* **Your objective**
Give back every record verbatim, but not the pictures.

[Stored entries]
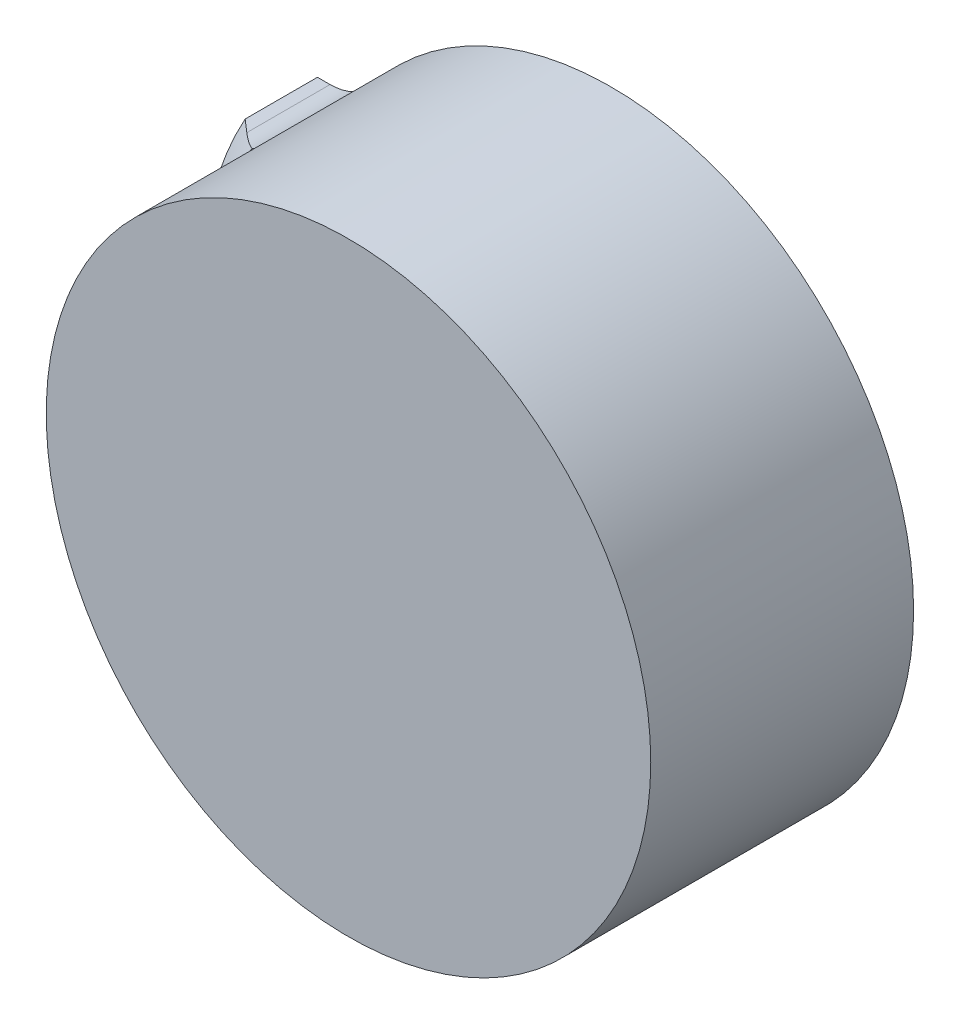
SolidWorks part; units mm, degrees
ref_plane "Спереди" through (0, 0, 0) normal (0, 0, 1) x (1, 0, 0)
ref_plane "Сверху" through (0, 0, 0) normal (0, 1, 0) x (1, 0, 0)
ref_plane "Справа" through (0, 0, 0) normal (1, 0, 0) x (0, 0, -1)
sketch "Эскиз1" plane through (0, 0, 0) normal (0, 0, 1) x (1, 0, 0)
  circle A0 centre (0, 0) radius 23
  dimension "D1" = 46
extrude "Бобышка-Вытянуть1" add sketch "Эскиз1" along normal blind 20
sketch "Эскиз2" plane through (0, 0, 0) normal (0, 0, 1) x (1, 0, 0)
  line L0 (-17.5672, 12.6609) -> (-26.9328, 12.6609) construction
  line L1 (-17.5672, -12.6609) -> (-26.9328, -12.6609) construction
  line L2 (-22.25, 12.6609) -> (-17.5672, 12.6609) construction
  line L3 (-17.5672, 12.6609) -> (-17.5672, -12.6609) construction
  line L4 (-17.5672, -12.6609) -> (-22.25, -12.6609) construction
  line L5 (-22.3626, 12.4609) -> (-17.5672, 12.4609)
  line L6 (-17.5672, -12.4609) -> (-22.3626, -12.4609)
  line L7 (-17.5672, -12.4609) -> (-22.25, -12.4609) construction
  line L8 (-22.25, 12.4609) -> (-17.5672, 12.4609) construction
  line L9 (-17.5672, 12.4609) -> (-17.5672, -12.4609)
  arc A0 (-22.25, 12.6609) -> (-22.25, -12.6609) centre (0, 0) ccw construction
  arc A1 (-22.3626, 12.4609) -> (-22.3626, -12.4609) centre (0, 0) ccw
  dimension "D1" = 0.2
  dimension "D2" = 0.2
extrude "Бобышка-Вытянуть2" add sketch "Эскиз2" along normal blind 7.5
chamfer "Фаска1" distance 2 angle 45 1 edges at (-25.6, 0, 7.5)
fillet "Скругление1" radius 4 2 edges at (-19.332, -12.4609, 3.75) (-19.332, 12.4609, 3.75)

* **Task output**
SolidWorks part; units mm, degrees
ref_plane "Спереди" through (0, 0, 0) normal (0, 0, 1) x (1, 0, 0)
ref_plane "Сверху" through (0, 0, 0) normal (0, 1, 0) x (1, 0, 0)
ref_plane "Справа" through (0, 0, 0) normal (1, 0, 0) x (0, 0, -1)
sketch "Эскиз1" plane through (0, 0, 0) normal (0, 0, 1) x (1, 0, 0)
  circle A0 centre (0, 0) radius 23
  dimension "D1" = 46
extrude "Бобышка-Вытянуть1" add sketch "Эскиз1" along normal blind 20
sketch "Эскиз2" plane through (0, 0, 0) normal (0, 0, 1) x (1, 0, 0)
  line L0 (-17.5672, 12.6609) -> (-26.9328, 12.6609) construction
  line L1 (-17.5672, -12.6609) -> (-26.9328, -12.6609) construction
  line L2 (-22.25, 12.6609) -> (-17.5672, 12.6609) construction
  line L3 (-17.5672, 12.6609) -> (-17.5672, -12.6609) construction
  line L4 (-17.5672, -12.6609) -> (-22.25, -12.6609) construction
  line L5 (-22.3626, 12.4609) -> (-17.5672, 12.4609)
  line L6 (-17.5672, -12.4609) -> (-22.3626, -12.4609)
  line L7 (-17.5672, -12.4609) -> (-22.25, -12.4609) construction
  line L8 (-22.25, 12.4609) -> (-17.5672, 12.4609) construction
  line L9 (-17.5672, 12.4609) -> (-17.5672, -12.4609)
  arc A0 (-22.25, 12.6609) -> (-22.25, -12.6609) centre (0, 0) ccw construction
  arc A1 (-22.3626, 12.4609) -> (-22.3626, -12.4609) centre (0, 0) ccw
  dimension "D1" = 0.2
  dimension "D2" = 0.2
extrude "Бобышка-Вытянуть2" add sketch "Эскиз2" along normal blind 7.5
chamfer "Фаска1" distance 2 angle 45 1 edges at (-25.6, 0, 7.5)
fillet "Скругление1" radius 4 2 edges at (-19.332, -12.4609, 3.75) (-19.332, 12.4609, 3.75)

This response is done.